Aún con resaca por
el derroche de adrenalina de “Mad Max:
Furia en la carretera” (George Miller, 2015). Película de velocidad
trepidante, llena de violencia primaria, de la buena por falsa, por tanto sin
consecuencias morales, en la que unos casisupervivientes buscan frenéticamente
y a todo motor a través del desierto lo que una vez perdieron: la redención (sí,
así como suena).
Sin querer entrar en más
profundidades, en medio de este millonario monumento popular a la diversión proyectado
en dos dimensiones, lleno de imágenes impactantes que dejan huella, aparece una en concreto que me llamó poderosamente la atención y que quiero traer aquí: la de un deforme
guitarrista motorizado que pone banda sonora a la persecución con su flamante punteo
distorsionado y ultra-amplificado.
¿Por qué
traigo a este blog este tema? Porque hubo un tiempo en que la Iglesia se encargaba de
estos menesteres de masas, de estos espectáculos que sobrecogían al personal.
Hubo un tiempo en el que la peli de Mad Max era la fiesta del Corpus Christi.
Celebración a la que se rindió en cuerpo y alma toda la artillería barroca, llenándola
de ruedas, de excesos, de efectos imposibles y de cinematográfica teatralidad.
Toda la magnificencia imaginable y costeable al servicio del culto público a un poquito de Pan
consagrado. Aún se conservan en algunas ciudades y pueblos vestigios, más
decorativos que otra cosa, del antiguo esplendor, pero ya sin el factor
sorpresa de unas fuentes que un día al año manaban vino y emborrachaban de fe.
Traigo a Mad
Max y a su guitarrista ambulante porque el otro día encontré esto: un órgano
procesional que rodaba por las calles de este valle de lágrimas sobre los autos
de los cortejos del Corpus, concebidos más como autos sacramentales que como procesiones.

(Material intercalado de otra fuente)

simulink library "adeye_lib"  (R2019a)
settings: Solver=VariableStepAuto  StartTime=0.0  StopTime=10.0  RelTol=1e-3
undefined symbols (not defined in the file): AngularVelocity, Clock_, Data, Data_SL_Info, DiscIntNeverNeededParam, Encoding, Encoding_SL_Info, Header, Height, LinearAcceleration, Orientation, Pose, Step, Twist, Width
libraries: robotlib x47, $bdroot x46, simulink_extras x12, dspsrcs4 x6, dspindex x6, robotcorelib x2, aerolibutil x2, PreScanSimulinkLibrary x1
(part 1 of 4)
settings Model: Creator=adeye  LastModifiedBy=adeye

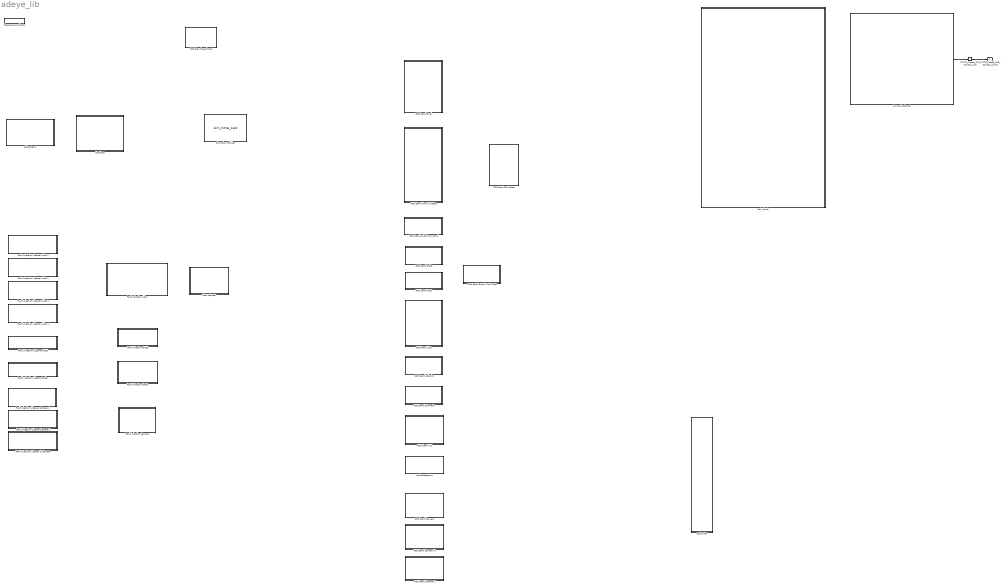
== system adeye_lib ==
  Car_Pose : Subsystem
      mask Display:
      | fprintf('Car_pose\nAdapter\n')
      | 
      | port_label('input',1,'x[m]')
      | port_label('input',2,'y[m]')
      | port_label('input',3,'z[m]')
      | port_label('input',4,'Rotx[deg]')
      | port_label('input',5,'Roty[deg]')
      | port_label('input',6,'Rotz[deg]')
      | port_label('input',7,'CoG Offset(x)')
      | port_label('input',8,'CoG Offset(y)')
      | port_label('input',9,'CoG Offset(z)')
      | 
      | port_label('output',1,'base_link_pose')
  Dynamics_Empty : Subsystem  Tag=Dynamics_Empty
  Fault Injection Camera : Subsystem  mask{idy=200, idx=100, x=100, y=150, R=0, G=0, B=0}
      mask prompts: idy "X"; idx "Y"
      mask DialogControl ParameterGroupVar Prompt: Offset
      mask DialogControl Container3 Prompt: Size
      mask DialogControl Container4 Prompt: Error
      mask Display:
      | fprintf('Fault inj\n Camera\n')
      | 
      | port_label('input',1,'R')
      | port_label('input',2,'G')
      | port_label('input',3,'B')
      | port_label('input',4,'On/Patch')
      | port_label('input',5,'patch/start_x')
      | port_label('input',6,'patch/start_y')
      | port_label('input',7,'patch/size_x')
      | port_label('input',8,'patch/size_y')
      | port_label('input',9,'patch/R')
      | port_label('input',10,'patch/G')
      | port_label('input',11,'patch/B')
      | 
      | port_label('output',1,'R')
      | port_label('output',2,'G')
      | port_label('output',3,'B')
  Fault Injection GNSS : Subsystem  mask{f=20}
      mask prompts: f "Frequency"
      mask Display:
      | fprintf('Fault inj\n GNSS\n')
      | 
      | port_label('input',1,'Pose')
      | port_label('input',2,'On/Off')
      | port_label('input',3,'noise_variance')
      | 
      | port_label('output',1,'Pose')
  Fault Injection Lidar : Subsystem  mask{f=20, p=225*16}
      mask prompts: f "Frequency"; p "Number of detection points"
      mask Display:
      | fprintf('Fault inj\n Lidar\n')
      | 
      | port_label('input',1,'Range[m]')
      | port_label('input',2,'Theta[rad]')
      | port_label('input',3,'Phi[rad]')
      | port_label('input',4,'Intensity')
      | 
      | port_label('input',5,'Off/Random/Rain')
      | 
      | port_label('input',6,'Random/range_variance')
      | port_label('input',7,'Random/theta_variance')
      | 
      | port_label('input',8,'Rain/R')
      | port_label('input',9,'Rain/a')
      | port_label('input',10,'Rain/b')
      | port_label('input',11,'Rain/p_refl_sfc')
      | port_label('input',12,'Rain/max_range')
      | 
      | port_label('output',1,'Range[m]')
      | port_label('output',2,'Theta[rad]')
      | port_label('output',3,'Phi[rad]')
      | port_label('output',4,'Intensity')
  Fault Injection Listener Camera 1 : Subsystem
      mask Display:
      | fprintf('ROS Listen Fault\n Injection Camera 1')
      | 
      | port_label('input',1,'Off/Patch')
      | port_label('input',2,'patch/start_x')
      | port_label('input',3,'patch/start_y')
      | port_label('input',4,'patch/size_x')
      | port_label('input',5,'patch/size_y')
      | port_label('input',6,'patch/R')
      | port_label('input',7,'patch/G')
      | port_label('input',8,'patch/B')
      | 
      | port_label('output',1,'Output value')
  Fault Injection Listener Camera 2 : Subsystem
      mask Display:
      | fprintf('ROS Listen Fault\n Injection Camera 2')
      | 
      | port_label('input',1,'Off/Patch')
      | port_label('input',2,'patch/start_x')
      | port_label('input',3,'patch/start_y')
      | port_label('input',4,'patch/size_x')
      | port_label('input',5,'patch/size_y')
      | port_label('input',6,'patch/R')
      | port_label('input',7,'patch/G')
      | port_label('input',8,'patch/B')
      | 
      | port_label('output',1,'Output value')
  Fault Injection Listener GNSS : Subsystem
      mask Display:
      | fprintf('ROS Listen Fault\n Injection GNSS')
      | 
      | port_label('input',1,'Off/Gaussian')
      | port_label('input',2,'noise_variance')
      | 
      | port_label('output',1,'Output value')
  Fault Injection Listener Lidar 1 : Subsystem
      mask Display:
      | fprintf('ROS Listen Fault\n Injection Lidar 1')
      | 
      | port_label('input',1,'Off/Random/Rain')
      | port_label('output',1,'Output value')
      | 
      | port_label('input',2,'Random/range_variance')
      | port_label('input',3,'Random/theta_variance')
      | 
      | port_label('input',4,'Rain/R')
      | port_label('input',5,'Rain/a')
      | port_label('input',6,'Rain/b')
      | port_label('input',7,'Rain/p_refl_sfc')
      | port_label('input',8,'Rain/max_range')
  Fault Injection Listener Lidar 2 : Subsystem
      mask Display:
      | fprintf('ROS Listen Fault\n Injection Lidar 2')
      | 
      | port_label('input',1,'Off/Random/Rain')
      | port_label('output',1,'Output value')
      | 
      | port_label('input',2,'Random/range_variance')
      | port_label('input',3,'Random/theta_variance')
      | 
      | port_label('input',4,'Rain/R')
      | port_label('input',5,'Rain/a')
      | port_label('input',6,'Rain/b')
      | port_label('input',7,'Rain/p_refl_sfc')
      | port_label('input',8,'Rain/max_range')
  Fault Injection Listener Lidar 3 : Subsystem
      mask Display:
      | fprintf('ROS Listen Fault\n Injection Lidar 3')
      | 
      | port_label('input',1,'Off/Random/Rain')
      | port_label('output',1,'Output value')
      | 
      | port_label('input',2,'Random/range_variance')
      | port_label('input',3,'Random/theta_variance')
      | 
      | port_label('input',4,'Rain/R')
      | port_label('input',5,'Rain/a')
      | port_label('input',6,'Rain/b')
      | port_label('input',7,'Rain/p_refl_sfc')
      | port_label('input',8,'Rain/max_range')
  Fault Injection Listener Lidar 4 : Subsystem
      mask Display:
      | fprintf('ROS Listen Fault\n Injection Lidar 4')
      | 
      | port_label('input',1,'Off/Random/Rain')
      | port_label('output',1,'Output value')
      | 
      | port_label('input',2,'Random/range_variance')
      | port_label('input',3,'Random/theta_variance')
      | 
      | port_label('input',4,'Rain/R')
      | port_label('input',5,'Rain/a')
      | port_label('input',6,'Rain/b')
      | port_label('input',7,'Rain/p_refl_sfc')
      | port_label('input',8,'Rain/max_range')
  Fault Injection Listener Radar : Subsystem
      mask Display:
      | fprintf('ROS Listen Fault\n Injection Radar')
      | 
      | port_label('input',1,'Off/Gaussian')
      | port_label('input',2,'range_variance')
      | port_label('input',3,'range_variance')
      | port_label('input',4,'phi_variance')
      | 
      | port_label('output',1,'Output value')
  Fault Injection Listener TL Camera : Subsystem
      mask Display:
      | fprintf('ROS Listen Fault\n Injection TL Camera')
      | 
      | port_label('input',1,'Off/Patch')
      | port_label('input',2,'patch/start_x')
      | port_label('input',3,'patch/start_y')
      | port_label('input',4,'patch/size_x')
      | port_label('input',5,'patch/size_y')
      | port_label('input',6,'patch/R')
      | port_label('input',7,'patch/G')
      | port_label('input',8,'patch/B')
      | 
      | port_label('output',1,'Output value')
  Fault Injection Radar : Subsystem  mask{n=7}
      mask prompts: n "Max number of detections of the radar"
      mask Display:
      | fprintf('Fault inj\n Radar\n')
      | 
      | port_label('input',1,'Range[m]')
      | port_label('input',2,'Theta[deg]')
      | port_label('input',3,'Phi[deg]')
      | port_label('input',4,'TargetTypeID')
      | port_label('input',5,'On/Off')
      | port_label('input',6,'range_variance')
      | port_label('input',7,'theta_variance')
      | port_label('input',8,'phi_variance')
      | 
      | port_label('output',1,'Range[m]')
      | port_label('output',2,'Theta[deg]')
      | port_label('output',3,'Phi[deg]')
      | port_label('output',4,'TargetTypeID')
  Lidar Adapter : Subsystem
      mask Display:
      | fprintf('Lidar Adapter\n')
      | 
      | port_label('input',1,'Orientation')
      | port_label('input',2,'Range[m]')
      | port_label('input',3,'Theta[rad]')
      | port_label('input',4,'Phi[rad]')
      | port_label('input',5,'Intensity')
      | 
      | port_label('output',1,'L')
  Main_block : Subsystem
  ROS Send Camera : Subsystem
      mask Display:
      | fprintf('ROS Send\n Camera 1\n')
      | 
      | port_label('input',1,'R')
      | port_label('input',2,'G')
      | port_label('input',3,'B')
  ROS Send Camera 2 : Subsystem
      mask Display:
      | fprintf('ROS Send\n Camera 2\n')
      | 
      | port_label('input',1,'R')
      | port_label('input',2,'G')
      | port_label('input',3,'B')
  ROS Send Camera TL : Subsystem
      mask Display:
      | fprintf('ROS Send\n Camera TL\n')
      | 
      | port_label('input',1,'R')
      | port_label('input',2,'G')
      | port_label('input',3,'B')
  ROS Send Clock : Subsystem  Priority=1
      mask Display:
      | fprintf('ROS Send\n Clock\n')
      | 
      | port_label('input',1,'T')
  ROS Send GNSS : Subsystem
      mask Display:
      | fprintf('ROS Send\n GNSS\n')
      | 
      | port_label('input',1,'Pose')
  ROS Send Goal : Subsystem  TreatAsAtomicUnit=on
      mask Display:
      | fprintf('ROS Send\n Goal\n')
      | 
      | port_label('input',1,'Position.x')
      | port_label('input',2,'Position.y')
      | port_label('input',3,'Position.z')
      | port_label('input',4,'Orientation.w')
      | port_label('input',5,'Orientation.x')
      | port_label('input',6,'Orientation.y')
      | port_label('input',7,'Orientation.z')
  ROS Send Groud Truth Pose : Subsystem
      mask Display:
      | fprintf('ROS Send\n Ground Truth Pose\n')
      | 
      | port_label('input',1,'Pose')
  ROS Send IMU : Subsystem
      mask Display:
      | fprintf('ROS Send\n IMU\n')
      | 
      | port_label('input',1,'Rot X [deg]')
      | port_label('input',2,'Rot Y [deg]')
      | port_label('input',3,'Rot Z [deg]')
      | port_label('input',4,'Yaw rate [m/s]')
      | port_label('input',5,'Velocity [m/s]')
  ROS Send Lidar : Subsystem
      mask Display:
      | fprintf('ROS Send\n Lidar\n')
      | 
      | port_label('input',1,'L1')
      | port_label('input',2,'L2')
      | port_label('input',3,'L3')
      | port_label('input',4,'L4')
  ROS Send Odometry : Subsystem
      mask Display:
      | fprintf('ROS Send\n Odometry\n')
      | 
      | port_label('input',1,'Pose')
      | port_label('input',2,'Velocity [m/s]')
      | port_label('input',3,'Yaw rate [m/s]')
  ROS Send Simulink State : Subsystem  TreatAsAtomicUnit=on
      mask Display:
      | fprintf('ROS Send\n Simulink State\n')
      | 
      | port_label('input',1,'Recording')
      | port_label('input',2,'Map')
      | port_label('input',3,'Sensing')
      | port_label('input',4,'Localization')
      | port_label('input',5,'Fake localization')
      | port_label('input',6,'Detection')
      | port_label('input',7,'Mission Planning')
      | port_label('input',8,'Motion Planning')
      | port_label('input',9,'Switch')
      | port_label('input',10,'Ssmp')
      | port_label('input',11,'Rviz')
  ROS Send Switch Command : Subsystem
      mask Display:
      | fprintf('ROS Send\n Switch\nCommand')
      | 
      | port_label('input',1,'S')
  ROS Send Velocity : Subsystem
      mask Display:
      | fprintf('ROS Send\n Velocity\n')
      | 
      | port_label('input',1,'V')
      | port_label('input',2,'Yaw rate')
  ROS Stop Experiment : Subsystem
      mask Display: fprintf('ROS Stop Experiment')
  ROS send RCV states : Subsystem
      mask Display:
      | fprintf('ROS send RCV states\n\n\n\n')
      | 
      | port_label('input',1,'Initial checks')
      | port_label('input',2,'Activation request')
      | port_label('input',3,'Fault')
  S-Function Builder : S-Function  InitFcn=try, set_param(gcb,'FunctionName','sim_time_calc'), end  FunctionName=sim_time_calc  SFunctionModules=sim_time_calc_wrapper  SFunctionDeploymentMode=off  EnableBusSupport=off  mask(S-Function Builder){}
      mask help: Simulink:masks:SFunctionBuilder_MD
      mask init:
      | val = [[.9  0.75 0.75 1 1 .9 .9 1]',[1 1 0.75 0.75 .9 .9 1 .9]'];try , sys = get_param(gcb,'SfunBuilderFcnName');if isempty(sys), sys = get_param(gcb,'FunctionName'); end,catch, sys = get_param(gcb,'FunctionName'); end
      settings: CopyFcn=set_param(gcbh,'LinkStatus','none')  PreSaveFcn=try, set_param(gcb,'FunctionName','sim_time_calc'), end  OpenFcn=sfunctionwizard(gcbh)
      mask Display:
      | plot(val(:,1),val(:,2))
      | disp(sys)
  STATE_Mazda_RX8_Coupe_1_rc2 : RateTransition  Tag=mux_rc/StatePort  OutPortSampleTimeOpt=Inherit
  Subsystem1 : Subsystem
      mask Display:
      | fprintf('Minimalistic Dynamics\n\n')
      | 
      | port_label('input',1,'velocity[m/s]')
      | 
      | port_label('output',1,'dx [m/s]')
      | port_label('output',2,'dy [m/s]')
      | port_label('output',3,'dz [m/s]')
      | port_label('output',4,'R [rad]')
      | port_label('output',5,'P [rad]')
      | port_label('output',6,'Y [rad]')
  frequency_evaluator : Subsystem
  pcd_writer : Subsystem
      mask Display:
      | fprintf('PCD\n Writer')
      | 
      | port_label('input',1,'X1')
      | port_label('input',2,'Y1')
      | port_label('input',3,'Z1')
      | port_label('input',4,'I1')
      | 
      | port_label('input',5,'X2')
      | port_label('input',6,'Y2')
      | port_label('input',7,'Z2')
      | port_label('input',8,'I2')
      | 
      | port_label('input',9,'X3')
      | port_label('input',10,'Y3')
      | port_label('input',11,'Z3')
      | port_label('input',12,'I3')
      | 
      | port_label('input',13,'X4')
      | port_label('input',14,'Y4')
      | port_label('input',15,'Z4')
      | port_label('input',16,'I4')
  radarDetections : Subsystem
      mask Display:
      | fprintf('ROS Send\n Radar\n')
      | 
      | port_label('input',1,'Range[m]')
      | port_label('input',2,'Theta[deg]')
      | port_label('input',3,'Phi[deg]')
      | port_label('input',4,'TargetTypeID')
  STATE_Mazda_RX8_Coupe_1_bus3 : Outport  Tag=outport/StatePort  OutDataTypeStr=Bus: PRESCAN_STATEACTUATORDATA  PortDimensions=1  SampleTime=1/20
  wires:
  Dynamics_Empty/1(State) -> STATE_Mazda_RX8_Coupe_1_rc2/1
  STATE_Mazda_RX8_Coupe_1_rc2/1 -> STATE_Mazda_RX8_Coupe_1_bus3/1

== system adeye_lib/Car_Pose ==
  note: Centering the frame in the middle of the back wheels
  x : Inport
  y : Inport  Port=2
  z : Inport  Port=3
  rot x : Inport  Port=4
  rot y : Inport  Port=5
  rot z : Inport  Port=6
  cog offset x : Inport  Port=7
  cog offset y : Inport  Port=8
  cog offset z : Inport  Port=9
  Add1 : Sum
  Add2 : Sum
  Add3 : Sum
  Coordinate Transformation Conversion : robotcorelib/Coordinate Transformation Conversion  InputRepresentation=Euler Angles  InputEulerSequence=XYZ  ShowTrVecInputPort=on  OutputRepresentation=Quaternion  OutputEulerSequence=ZYX  ShowTrVecOutputPort=on  SimulateUsing=Interpreted execution
      settings: SourceProductBaseCode=RO
  Data Type Conversion{,1..2,4} (4 alike) : DataTypeConversion
  Degrees to Radians1 : simulink_extras/Transformations/Degrees to Radians
  Degrees to Radians2 : simulink_extras/Transformations/Degrees to Radians
  Degrees to Radians5 : simulink_extras/Transformations/Degrees to Radians
  Demux : Demux  Outputs=7
  Demux1 : Demux  Outputs=3
  Mux : Mux
  Mux1 : Mux
  Mux2 : Mux
  Quaternion Conjugate1 : aerolibutil/Quaternion Conjugate
      settings: SourceProductName=Aerospace Blockset  SourceProductBaseCode=AE
  Quaternion Rotation : aerolibutil/Quaternion Rotation
  Vector Concatenate2 : Concatenate  NumInputs=3
  Vector Concatenate3 : Concatenate  NumInputs=3
  base_link_pose : Outport
  wires:
  Degrees to Radians1/1 -> Vector Concatenate2/2
  Degrees to Radians5/1 -> Vector Concatenate2/1
  Vector Concatenate2/1 -> Coordinate Transformation Conversion/1
  Degrees to Radians2/1 -> Vector Concatenate2/3
  x/1 -> Data Type Conversion/1
  y/1 -> Data Type Conversion1/1
  z/1 -> Data Type Conversion2/1
  rot x/1 -> Degrees to Radians5/1
  rot y/1 -> Degrees to Radians1/1
  rot z/1 -> Degrees to Radians2/1
  Data Type Conversion/1 -> Mux/1
  Data Type Conversion1/1 -> Mux/2
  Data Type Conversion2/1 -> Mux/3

Sones de Iglesia recorriendo ciudades vestidas de cielo para la celebración de una
Alianza, un Contrato Unilateral único e inaudito, en el que el mismo que paga
el precio entrega la cosa, el precio es un sacrificio mortal y la cosa nuestra
redención. Un contrato no sujeto a condición ni a plazo y que para colmo se
actualiza a diario, en cada misa, hasta el fin de los tiempos.